Alors que la France a déjà expérimenté la suppression de l’entrée en classe de 6e en fusionnant le CM2 et la 6e dans un « cycle de consolidation », une question se pose de plus en plus au Sénégal : faut-il suivre le même chemin ?
Dans un système éducatif sénégalais confronté à des taux d’échec élevés, des ruptures pédagogiques brutales et une transition difficile entre l’école élémentaire et le collège, la suppression de l’entrée formelle en 6e pourrait constituer une piste sérieuse de réforme.

🎒 Une transition souvent chaotique
Au Sénégal, le passage en 6e reste un cap délicat pour des milliers d’élèves. Changement d’environnement, nouveaux enseignants, multiplication des matières, méthodes d’évaluation différentes… Pour beaucoup, c’est un saut brutal plus qu’une progression naturelle.
Selon plusieurs études menées par des syndicats d’enseignants et des ONG éducatives, la rupture pédagogique entre le CM2 et la 6e est l’un des facteurs majeurs de décrochage scolaire en début de collège, notamment en milieu rural.
🇫🇷 Ce que la France propose
En France, le gouvernement a proposé une réforme qui vise à fusionner le CM2 et la 6e dans un même cycle, appelé « cycle de consolidation ». L’idée est de créer plus de continuité entre l’école primaire et le collège, avec des enseignants qui collaborent sur les mêmes programmes et un encadrement plus souple des élèves.
L’objectif ? Réduire les inégalités, mieux accompagner les élèves fragiles et atténuer la cassure entre deux univers scolaires très différents.
📚 Et au Sénégal, pourquoi ce serait pertinent ?
Plusieurs arguments plaident en faveur d’une adaptation de ce modèle au contexte sénégalais :
- Taux de redoublement et d’abandon élevés dès la 6e
- Manque d’harmonisation entre l’enseignement primaire et moyen
- Fracture linguistique : le saut vers un français académique plus poussé dès la 6e déstabilise bon nombre d’élèves
- Infrastructures inégales entre les écoles primaires (souvent communautaires) et les collèges publics
Selon Amadou Diop, inspecteur de l’enseignement moyen, « la suppression de l’entrée formelle en 6e pourrait permettre de repenser l’apprentissage comme un continuum éducatif, plutôt qu’un enchaînement de ruptures ».
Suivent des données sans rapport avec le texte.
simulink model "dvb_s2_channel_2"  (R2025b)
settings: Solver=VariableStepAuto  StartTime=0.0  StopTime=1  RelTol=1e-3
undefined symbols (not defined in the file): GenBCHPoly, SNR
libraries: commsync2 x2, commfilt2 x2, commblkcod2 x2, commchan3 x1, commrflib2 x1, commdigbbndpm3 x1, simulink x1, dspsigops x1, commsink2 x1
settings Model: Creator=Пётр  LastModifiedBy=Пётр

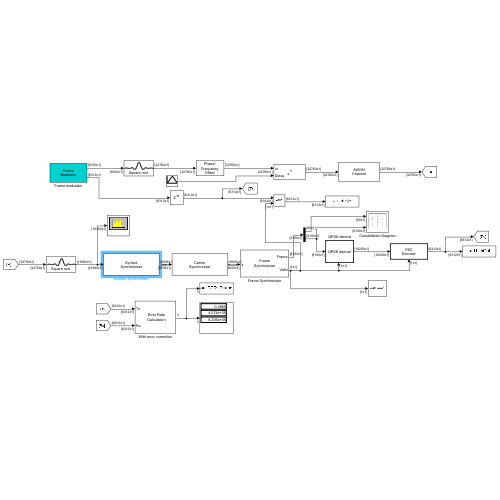
[thumbnail: Simulink's stored preview of the top-level diagram]
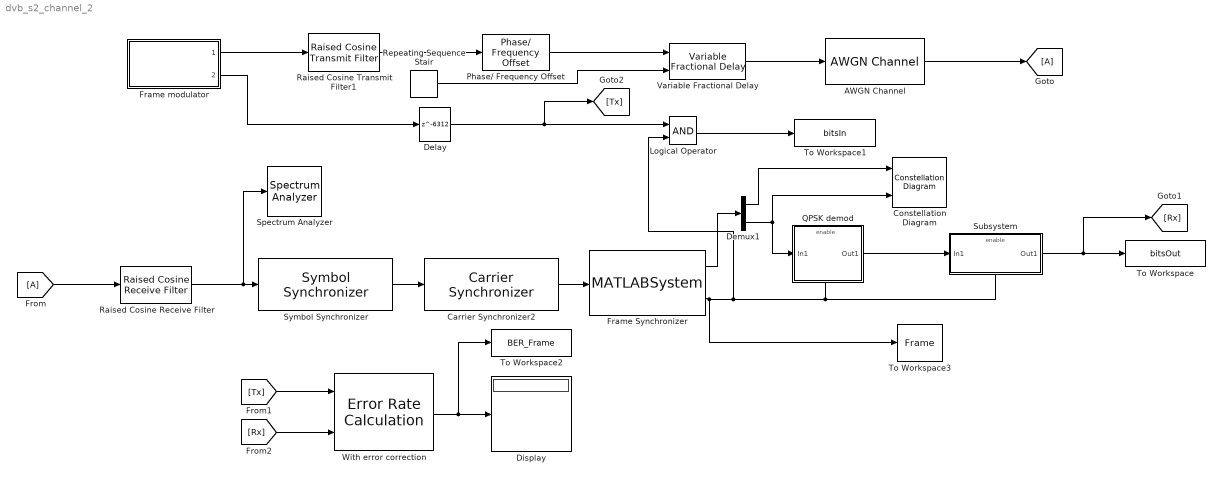
== system dvb_s2_channel_2 ==
  AWGN Channel : commchan3/AWGN Channel  LegacyMode=off  NoiseMethod="Signal to noise ratio  (SNR)"  noiseMode="Signal to noise ratio  (SNR)"  EbNo=10  EsNo=10  SNR=SNR  BitsPerSymbol=1  SignalPower=1  SpecifySymbolPeriod=off  SamplesPerSymbol=1  SymbolPeriod=1  VarianceSource=Parameter  Variance=1  RandomStream=Global stream  Seed=67  SimulateUsing=Code generation
  Carrier Synchronizer2 : commsync2/Carrier Synchronizer  Modulation=QPSK  ModulationPhaseOffset=Auto  CustomPhaseOffset=pi/2  SamplesPerSymbol=2  DampingFactor=0.707  NormalizedLoopBandwidth=0.01  EstimatedPhaseErrorOutputPort=off  SimulateUsing=Code generation
  Constellation Diagram : ConstellationDiagram  NumInputPorts=2  WindowPosition=[676.000000,240.000000,602.000000,517.000000,]  Visible=on  ScopeFrameLocation=window  SymbolsToDisplaySource=Property  SymbolsToDisplay=1000  ReferenceConstellation="[0.70711+0.70711i        -0.70711+0.70711i        -0.70711-0.70711i         0.70711-0.70711i]"  ShowLegend=on  MeasurementInterval=1000
  Delay : Delay  DelayLength=6312  InputProcessing=Columns as channels (frame based)  UseCircularBuffer=on
  Demux1 : Demux  Outputs=[90 8100]
  Display : Display
  Frame Synchronizer : MATLABSystem  System=FrameSynchronizer  Preamble=SOF  Threshold=14  OutputLength=8190  SimulateUsing=Interpreted execution
      mask Type: FrameSynchronizer
  Frame modulator : Subsystem  ReferencedSubsystem=FrameGenerator
  From : From
  Goto : Goto
  Logical Operator : Logic  AllPortsSameDT=off  OutDataTypeStr=boolean
  Phase/ Frequency Offset : commrflib2/Phase// Frequency Offset  phaseOffset=0  freqPort=off  freqOffset=1000
  QPSK demod : Subsystem
      mask Display: disp('QPSK demod')
  Raised Cosine Receive Filter : commfilt2/Raised Cosine Receive Filter  filtType=Square root  R=0.25  filtSpan=10  N=4  downFactor=2  downOffset=0  filterGain=1  InputProcessing=Columns as channels (frame based)  RateOptions=Enforce single-rate processing  framing=Mute  checkCoeff=off  variableName=rcRxFilt  currentFiltSpan=10  D=5  inputOffset=0  sampMode=Mute  saveAsFlag=0  rateMode=Downsampling  checkGain=Normalized  launchFVT=on  roundingMode=Floor  overflowMode=off  coeffDataTypeStr=Inherit: Same word length as input  coeffMin=[]  coeffMax=[]  coeffLastDataTypeStr=Inherit: Same word length as input  accumDataTypeStr=Inherit: Same as product output  accumLastDataTypeStr=Inherit: Same as product output  outputDataTypeStr=Inherit: Same as accumulator  outputMin=[]  outputMax=[]  outputLastDataTypeStr=Inherit: Same as accumulator
  Raised Cosine Transmit Filter1 : commfilt2/Raised Cosine Transmit Filter  filtType=Square root  R=0.2  filtSpan=10  N=4  filterGain=1  InputProcessing=Columns as channels (frame based)  RateOptions=Enforce single-rate processing  framing=Mute  checkCoeff=off  variableName=rcTxFilt1  checkGain=Normalized  sampMode=Mute  saveAsFlag=0  currentFiltSpan=10  D=(10)/2  launchFVT=on  roundingMode=Floor  overflowMode=off  coeffDataTypeStr=Inherit: Same word length as input  coeffMin=[]  coeffMax=[]  coeffLastDataTypeStr=Inherit: Same word length as input  outputDataTypeStr=Inherit: Same as accumulator  outputMin=[]  outputMax=[]  outputLastDataTypeStr=Inherit: Same as accumulator
  Repeating Sequence Stair : simulink/Sources/Repeating Sequence Stair  OutValues=[0:0.1:0.9 0.8:-0.1:0.1]  tsamp=-1  OutMin=[]  OutMax=[]  OutDataTypeStr=double  OutputDataTypeScalingMode=double  OutDataType=fixdt(0,8)  ConRadixGroup=Best Precision: Vector-wise  OutScaling=2^-12
  Spectrum Analyzer : SpectrumAnalyzer  WindowPosition=[42.000000,231.000000,567.000000,504.000000,]  Visible=on  ScopeFrameLocation=window  SampleRate=100000000  Span=1000000  StartFrequency=-500000  StopFrequency=500000  AveragingMethod=Exponential  YLimits=[-80.4688 19.4697]  ShowLegend=on  AllowFFTLengthLessThanSamplesPerUpdate=on
  Subsystem : Subsystem
      mask Display: disp('FEC\nDecoder')
  Symbol Synchronizer : commsync2/Symbol Synchronizer  Modulation=PAM/PSK/QAM  TimingErrorDetector=Gardner (non-data-aided)  SamplesPerSymbol=2  DampingFactor=1  NormalizedLoopBandwidth=0.01  DetectorGain=2.7  TimingErrorOutputPort=off  SimulateUsing=Code generation
  To Workspace : ToWorkspace  VariableName=bitsOut  SampleTime=-1
      settings: Save2DSignal=2-D array (concatenate along first dimension)
  To Workspace1 : ToWorkspace  VariableName=bitsIn  SampleTime=-1
      settings: Save2DSignal=2-D array (concatenate along first dimension)
  To Workspace2 : ToWorkspace  VariableName=BER_Frame  SampleTime=-1
      settings: Save2DSignal=2-D array (concatenate along first dimension)
  To Workspace3 : ToWorkspace  VariableName=Frame  SampleTime=-1
      settings: Save2DSignal=2-D array (concatenate along first dimension)
  Variable Fractional Delay : dspsigops/Variable Fractional Delay  mode=OBSOLETE  modeActive=Linear  L=4  FarrowL=4  R=10  alpha=1  dmax=400  InputProcessing=Columns as channels (frame based)  ic=0  noDFT=off  fallbackFIR=Clip to the minimum value necessary for centered kernel  fallbackFarrow=Clip to the minimum value necessary for centered kernel  roundingMode=Zero  overflowMode=off
  With error correction : commsink2/Error Rate Calculation  N=0  st_delay=0  cp_mode=Entire frame  subframe=[]  PMode=Port  WsName=ErrorVec  RsMode2=off  stop=off  numErr=100  maxBits=1e6
  wires:
  Frame modulator/1 -> Raised Cosine Transmit Filter1/1
  Repeating Sequence Stair/1 -> Variable Fractional Delay/2
  Raised Cosine Transmit Filter1/1 -> Phase/ Frequency Offset/1
  Variable Fractional Delay/1 -> AWGN Channel/1
  Frame Synchronizer/2 -> Logical Operator/2, Subsystem/Enable, QPSK demod/Enable, To Workspace3/1
  Phase/ Frequency Offset/1 -> Variable Fractional Delay/1
  Frame modulator/2 -> Delay/1
  QPSK demod/1(Out1) -> Subsystem/1(In1)
  Frame Synchronizer/1 -> Demux1/1
  Demux1/2 -> QPSK demod/1(In1), Constellation Diagram/2
  Demux1/1 -> Constellation Diagram/1
  Symbol Synchronizer/1 -> Carrier Synchronizer2/1
  AWGN Channel/1 -> Goto/1
  From/1 -> Raised Cosine Receive Filter/1
  Delay/1 -> [Tx], Logical Operator/1
  Logical Operator/1 -> To Workspace1/1
  With error correction/1 -> To Workspace2/1, Display/1
  [Tx] -> With error correction/1
  [Rx] -> With error correction/2
  Subsystem/1(Out1) -> [Rx], To Workspace/1
  Carrier Synchronizer2/1 -> Frame Synchronizer/1
  Raised Cosine Receive Filter/1 -> Symbol Synchronizer/1, Spectrum Analyzer/1

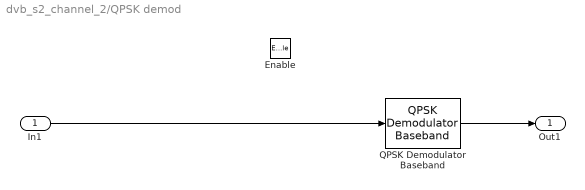
== system dvb_s2_channel_2/QPSK demod ==
  In1 : Inport
  Enable : EnablePort  StatesWhenEnabling=reset
  QPSK Demodulator Baseband : commdigbbndpm3/QPSK Demodulator Baseband  OutType=Bit  DecType=Approximate log-likelihood ratio  VarSource=Dialog  Variance=SNR  Dec=Binary  Ph=pi/4  outDtype1=Inherit via internal rule  outDtype2=Inherit via internal rule  derotateFactorWordLen=16  derotateFactorDataTypeStr=Inherit: Same word length as input  derotateFactorLastDataTypeStr=Inherit: Same word length as input
      settings: LibrarySourceBlock=|
      | commhdldigbbndpm/QPSK
      | Demodulator
      | Baseband
  Out1 : Outport
  wires:
  In1/1 -> QPSK Demodulator Baseband/1
  QPSK Demodulator Baseband/1 -> Out1/1

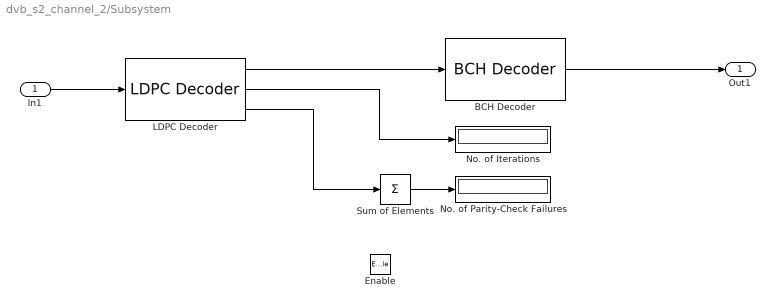
== system dvb_s2_channel_2/Subsystem ==
  In1 : Inport
  Enable : EnablePort
  BCH Decoder : commblkcod2/BCH Decoder  n=16383  k=16215  specShortening=on  shortenedK=6312  specGenPoly=on  genPoly=GenBCHPoly(12)  specPrimPoly=off  prPoly='X^4 + X + 1'  specDisableGenCheck=on  specPuncture=off  punctVec=[ones(8,1); zeros(2,1)]  specErasurePort=off  showNumErr=off
  LDPC Decoder : commblkcod2/LDPC Decoder  ParityCheckMat=LDPC25Matrix  OutputFmt=Information part  DecisionType=Hard decision  OutputDataType=boolean  NumIter=50  DoParityCheck=off  OutputNumIter=on  OutputFinalChecks=on
  No. of Iterations : Display
  No. of Parity-Check Failures : Display
  Sum of Elements : Sum  Inputs=+
  Out1 : Outport
  wires:
  BCH Decoder/1 -> Out1/1
  Sum of Elements/1 -> No. of Parity-Check Failures/1
  In1/1 -> LDPC Decoder/1
  LDPC Decoder/1 -> BCH Decoder/1
  LDPC Decoder/3 -> Sum of Elements/1
  LDPC Decoder/2 -> No. of Iterations/1

⚠️ Des conditions à réunir
Mais pour qu’une telle réforme soit crédible, plusieurs conditions seraient indispensables :
- Une meilleure coordination pédagogique entre enseignants de CM2 et de collège
- Des infrastructures adaptées pour accueillir des classes de transition
- Une formation renforcée des enseignants à l’approche par compétences sur deux niveaux
- Un pilotage fort de l’État pour éviter des disparités régionales
🗣️ Vers une école plus fluide ?
La suppression de l’entrée en 6e ne doit pas être vue comme une simple mesure administrative, mais comme un levier pour repenser l’école sénégalaise autour de la continuité pédagogique, de l’équité et de la réussite des élèves.
Alors que le Sénégal s’engage dans une refonte progressive de son système éducatif, l’exemple français pourrait, s’il est adapté intelligemment, ouvrir la voie à une école plus fluide, plus inclusive et mieux arrimée aux réalités nationales.